* [Directions for this task] Please return only the lines from the one holding "FILE_DESCRIPTION(('STEP AP214'),'2;1');" through the one holding "#1=APPLICATION_CONTEXT('core data for", exactly as they appear in the records below, both ends included.

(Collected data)

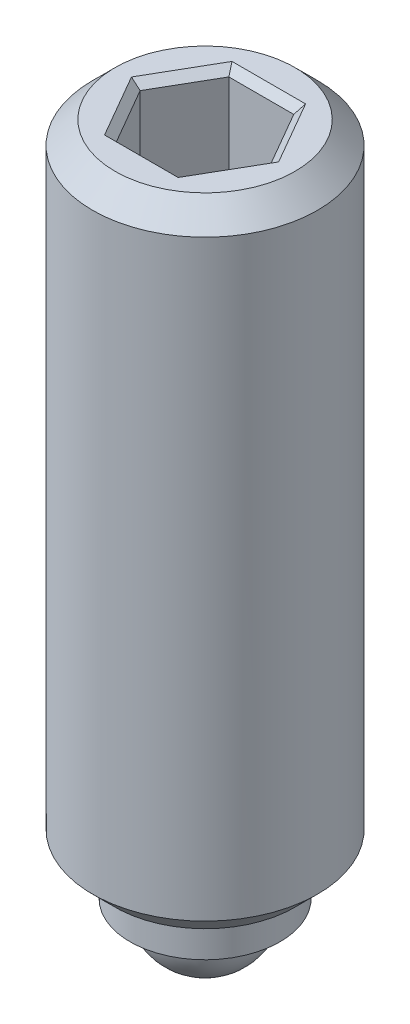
ISO-10303-21;
HEADER;
FILE_DESCRIPTION(('STEP AP214'),'2;1');
FILE_NAME('part.step','',(''),(''),'','','');
FILE_SCHEMA(('AUTOMOTIVE_DESIGN { 1 0 10303 214 1 1 1 1 }'));
ENDSEC;
DATA;
#1=APPLICATION_CONTEXT('core data for automotive mechanical design processes');
#2=APPLICATION_PROTOCOL_DEFINITION('international standard','automotive_design',2000,#1);
#3=PRODUCT_CONTEXT('',#1,'mechanical');
#4=PRODUCT('Part','Part','',(#3));
#5=PRODUCT_RELATED_PRODUCT_CATEGORY('part','',(#4));
#6=PRODUCT_DEFINITION_FORMATION('','',#4);
#7=PRODUCT_DEFINITION_CONTEXT('part definition',#1,'design');
#8=PRODUCT_DEFINITION('design','',#6,#7);
#9=PRODUCT_DEFINITION_SHAPE('','',#8);
#10=(LENGTH_UNIT() NAMED_UNIT(*) SI_UNIT(.MILLI.,.METRE.));
#11=(NAMED_UNIT(*) PLANE_ANGLE_UNIT() SI_UNIT($,.RADIAN.));
#12=(NAMED_UNIT(*) SI_UNIT($,.STERADIAN.) SOLID_ANGLE_UNIT());
#13=UNCERTAINTY_MEASURE_WITH_UNIT(LENGTH_MEASURE(1.E-05),#10,'distance_accuracy_value','');
#14=(GEOMETRIC_REPRESENTATION_CONTEXT(3) GLOBAL_UNCERTAINTY_ASSIGNED_CONTEXT((#13)) GLOBAL_UNIT_ASSIGNED_CONTEXT((#10,
#11,#12)) REPRESENTATION_CONTEXT('',''));
#15=CARTESIAN_POINT('',(0.,0.,0.));
#16=DIRECTION('',(0.,0.,1.));
#17=DIRECTION('',(1.,0.,0.));
#18=AXIS2_PLACEMENT_3D('',#15,#16,#17);
#19=CARTESIAN_POINT('',(1.,0.,0.));
#20=DIRECTION('',(0.,-1.,0.));
#21=DIRECTION('',(0.,0.,-1.));
#22=AXIS2_PLACEMENT_3D('',#19,#20,#21);
#23=PLANE('',#22);
#24=CARTESIAN_POINT('',(0.,0.,0.));
#25=DIRECTION('',(0.,-1.,0.));
#26=DIRECTION('',(0.,0.,-1.));
#27=AXIS2_PLACEMENT_3D('',#24,#25,#26);
#28=CIRCLE('',#27,0.75);
#29=CARTESIAN_POINT('',(0.,0.,-0.75));
#30=VERTEX_POINT('',#29);
#31=EDGE_CURVE('E166',#30,#30,#28,.T.);
#32=ORIENTED_EDGE('',*,*,#31,.F.);
#33=EDGE_LOOP('',(#32));
#34=FACE_BOUND('',#33,.T.);
#35=CARTESIAN_POINT('',(0.,0.,0.));
#36=DIRECTION('',(0.,-1.,0.));
#37=DIRECTION('',(0.,0.,-1.));
#38=AXIS2_PLACEMENT_3D('',#35,#36,#37);
#39=CIRCLE('',#38,1.);
#40=CARTESIAN_POINT('',(0.,0.,-1.));
#41=VERTEX_POINT('',#40);
#42=EDGE_CURVE('E152',#41,#41,#39,.T.);
#43=ORIENTED_EDGE('',*,*,#42,.T.);
#44=EDGE_LOOP('',(#43));
#45=FACE_BOUND('',#44,.T.);
#46=ADVANCED_FACE('F41',(#34,#45),#23,.T.);
#47=CARTESIAN_POINT('',(0.,9.,0.));
#48=DIRECTION('',(0.,1.,0.));
#49=DIRECTION('',(0.,0.,1.));
#50=AXIS2_PLACEMENT_3D('',#47,#48,#49);
#51=PLANE('',#50);
#52=DIRECTION('',(1.,0.,0.));
#53=VECTOR('',#52,1.);
#54=CARTESIAN_POINT('',(0.433012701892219,9.,-0.849999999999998));
#55=LINE('',#54,#53);
#56=CARTESIAN_POINT('',(-0.490747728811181,9.,-0.849999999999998));
#57=VERTEX_POINT('',#56);
#58=CARTESIAN_POINT('',(0.490747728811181,9.,-0.849999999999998));
#59=VERTEX_POINT('',#58);
#60=EDGE_CURVE('E191',#57,#59,#55,.T.);
#61=ORIENTED_EDGE('',*,*,#60,.T.);
#62=DIRECTION('',(0.5,0.,0.866025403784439));
#63=VECTOR('',#62,1.);
#64=CARTESIAN_POINT('',(0.952627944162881,9.,-0.0499999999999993));
#65=LINE('',#64,#63);
#66=CARTESIAN_POINT('',(0.981495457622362,9.,0.));
#67=VERTEX_POINT('',#66);
#68=EDGE_CURVE('E193',#59,#67,#65,.T.);
#69=ORIENTED_EDGE('',*,*,#68,.T.);
#70=DIRECTION('',(-0.5,0.,0.866025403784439));
#71=VECTOR('',#70,1.);
#72=CARTESIAN_POINT('',(0.519615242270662,9.,0.799999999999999));
#73=LINE('',#72,#71);
#74=CARTESIAN_POINT('',(0.490747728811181,9.,0.849999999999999));
#75=VERTEX_POINT('',#74);
#76=EDGE_CURVE('E183',#67,#75,#73,.T.);
#77=ORIENTED_EDGE('',*,*,#76,.T.);
#78=DIRECTION('',(-1.,0.,0.));
#79=VECTOR('',#78,1.);
#80=CARTESIAN_POINT('',(-0.433012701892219,9.,0.849999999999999));
#81=LINE('',#80,#79);
#82=CARTESIAN_POINT('',(-0.49074772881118,9.,0.849999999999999));
#83=VERTEX_POINT('',#82);
#84=EDGE_CURVE('E185',#75,#83,#81,.T.);
#85=ORIENTED_EDGE('',*,*,#84,.T.);
#86=DIRECTION('',(-0.5,0.,-0.866025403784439));
#87=VECTOR('',#86,1.);
#88=CARTESIAN_POINT('',(-0.952627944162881,9.,0.0499999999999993));
#89=LINE('',#88,#87);
#90=CARTESIAN_POINT('',(-0.981495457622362,9.,0.));
#91=VERTEX_POINT('',#90);
#92=EDGE_CURVE('E187',#83,#91,#89,.T.);
#93=ORIENTED_EDGE('',*,*,#92,.T.);
#94=DIRECTION('',(0.5,0.,-0.866025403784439));
#95=VECTOR('',#94,1.);
#96=CARTESIAN_POINT('',(-0.519615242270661,9.,-0.799999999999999));
#97=LINE('',#96,#95);
#98=EDGE_CURVE('E189',#91,#57,#97,.T.);
#99=ORIENTED_EDGE('',*,*,#98,.T.);
#100=EDGE_LOOP('',(#61,#69,#77,#85,#93,#99));
#101=FACE_BOUND('',#100,.T.);
#102=CARTESIAN_POINT('',(0.,9.,0.));
#103=DIRECTION('',(0.,1.,0.));
#104=DIRECTION('',(0.,0.,1.));
#105=AXIS2_PLACEMENT_3D('',#102,#103,#104);
#106=CIRCLE('',#105,1.2);
#107=CARTESIAN_POINT('',(0.,9.,1.2));
#108=VERTEX_POINT('',#107);
#109=EDGE_CURVE('E172',#108,#108,#106,.T.);
#110=ORIENTED_EDGE('',*,*,#109,.T.);
#111=EDGE_LOOP('',(#110));
#112=FACE_BOUND('',#111,.T.);
#113=ADVANCED_FACE('F253',(#101,#112),#51,.T.);
#114=CARTESIAN_POINT('',(0.,0.,0.));
#115=DIRECTION('',(0.,-1.,0.));
#116=DIRECTION('',(0.,0.,-1.));
#117=AXIS2_PLACEMENT_3D('',#114,#115,#116);
#118=CYLINDRICAL_SURFACE('',#117,1.5);
#119=CARTESIAN_POINT('',(0.,0.799999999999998,0.));
#120=DIRECTION('',(0.,-1.,0.));
#121=DIRECTION('',(0.,0.,-1.));
#122=AXIS2_PLACEMENT_3D('',#119,#120,#121);
#123=CIRCLE('',#122,1.5);
#124=CARTESIAN_POINT('',(0.,0.799999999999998,-1.5));
#125=VERTEX_POINT('',#124);
#126=EDGE_CURVE('E178',#125,#125,#123,.F.);
#127=ORIENTED_EDGE('',*,*,#126,.T.);
#128=EDGE_LOOP('',(#127));
#129=FACE_BOUND('',#128,.T.);
#130=CARTESIAN_POINT('',(0.,8.7,0.));
#131=DIRECTION('',(0.,1.,0.));
#132=DIRECTION('',(0.,0.,1.));
#133=AXIS2_PLACEMENT_3D('',#130,#131,#132);
#134=CIRCLE('',#133,1.5);
#135=CARTESIAN_POINT('',(0.,8.7,1.5));
#136=VERTEX_POINT('',#135);
#137=EDGE_CURVE('E169',#136,#136,#134,.F.);
#138=ORIENTED_EDGE('',*,*,#137,.T.);
#139=EDGE_LOOP('',(#138));
#140=FACE_BOUND('',#139,.T.);
#141=ADVANCED_FACE('F259',(#129,#140),#118,.T.);
#142=CARTESIAN_POINT('',(1.5,0.5,0.));
#143=DIRECTION('',(0.,-1.,0.));
#144=DIRECTION('',(0.,0.,-1.));
#145=AXIS2_PLACEMENT_3D('',#142,#143,#144);
#146=PLANE('',#145);
#147=CARTESIAN_POINT('',(0.,0.5,0.));
#148=DIRECTION('',(0.,-1.,0.));
#149=DIRECTION('',(0.,0.,-1.));
#150=AXIS2_PLACEMENT_3D('',#147,#148,#149);
#151=CIRCLE('',#150,1.2);
#152=CARTESIAN_POINT('',(0.,0.5,-1.2));
#153=VERTEX_POINT('',#152);
#154=EDGE_CURVE('E175',#153,#153,#151,.T.);
#155=ORIENTED_EDGE('',*,*,#154,.T.);
#156=EDGE_LOOP('',(#155));
#157=FACE_BOUND('',#156,.T.);
#158=CARTESIAN_POINT('',(0.,0.5,0.));
#159=DIRECTION('',(0.,-1.,0.));
#160=DIRECTION('',(0.,0.,-1.));
#161=AXIS2_PLACEMENT_3D('',#158,#159,#160);
#162=CIRCLE('',#161,1.);
#163=CARTESIAN_POINT('',(0.,0.5,-1.));
#164=VERTEX_POINT('',#163);
#165=EDGE_CURVE('E163',#164,#164,#162,.T.);
#166=ORIENTED_EDGE('',*,*,#165,.F.);
#167=EDGE_LOOP('',(#166));
#168=FACE_BOUND('',#167,.T.);
#169=ADVANCED_FACE('F327',(#157,#168),#146,.T.);
#170=CARTESIAN_POINT('',(0.,0.,0.));
#171=DIRECTION('',(0.,-1.,0.));
#172=DIRECTION('',(0.,0.,-1.));
#173=AXIS2_PLACEMENT_3D('',#170,#171,#172);
#174=CYLINDRICAL_SURFACE('',#173,1.);
#175=ORIENTED_EDGE('',*,*,#165,.T.);
#176=EDGE_LOOP('',(#175));
#177=FACE_BOUND('',#176,.T.);
#178=ORIENTED_EDGE('',*,*,#42,.F.);
#179=EDGE_LOOP('',(#178));
#180=FACE_BOUND('',#179,.T.);
#181=ADVANCED_FACE('F323',(#177,#180),#174,.T.);
#182=CARTESIAN_POINT('',(0.,0.,0.));
#183=DIRECTION('',(0.,-1.,0.));
#184=DIRECTION('',(-1.,0.,0.));
#185=AXIS2_PLACEMENT_3D('',#182,#183,#184);
#186=SPHERICAL_SURFACE('',#185,0.75);
#187=ORIENTED_EDGE('',*,*,#31,.T.);
#188=EDGE_LOOP('',(#187));
#189=FACE_BOUND('',#188,.T.);
#190=ADVANCED_FACE('F273',(#189),#186,.T.);
#191=CARTESIAN_POINT('',(0.,8.7,0.));
#192=DIRECTION('',(0.,-1.,0.));
#193=DIRECTION('',(0.,0.,-1.));
#194=AXIS2_PLACEMENT_3D('',#191,#192,#193);
#195=CONICAL_SURFACE('',#194,1.5,0.785398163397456);
#196=ORIENTED_EDGE('',*,*,#109,.F.);
#197=EDGE_LOOP('',(#196));
#198=FACE_BOUND('',#197,.T.);
#199=ORIENTED_EDGE('',*,*,#137,.F.);
#200=EDGE_LOOP('',(#199));
#201=FACE_BOUND('',#200,.T.);
#202=ADVANCED_FACE('F267',(#198,#201),#195,.T.);
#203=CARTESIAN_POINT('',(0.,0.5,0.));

* [Written response]
FILE_DESCRIPTION(('STEP AP214'),'2;1');
FILE_NAME('part.step','',(''),(''),'','','');
FILE_SCHEMA(('AUTOMOTIVE_DESIGN { 1 0 10303 214 1 1 1 1 }'));
ENDSEC;
DATA;
#1=APPLICATION_CONTEXT('core data for automotive mechanical design processes');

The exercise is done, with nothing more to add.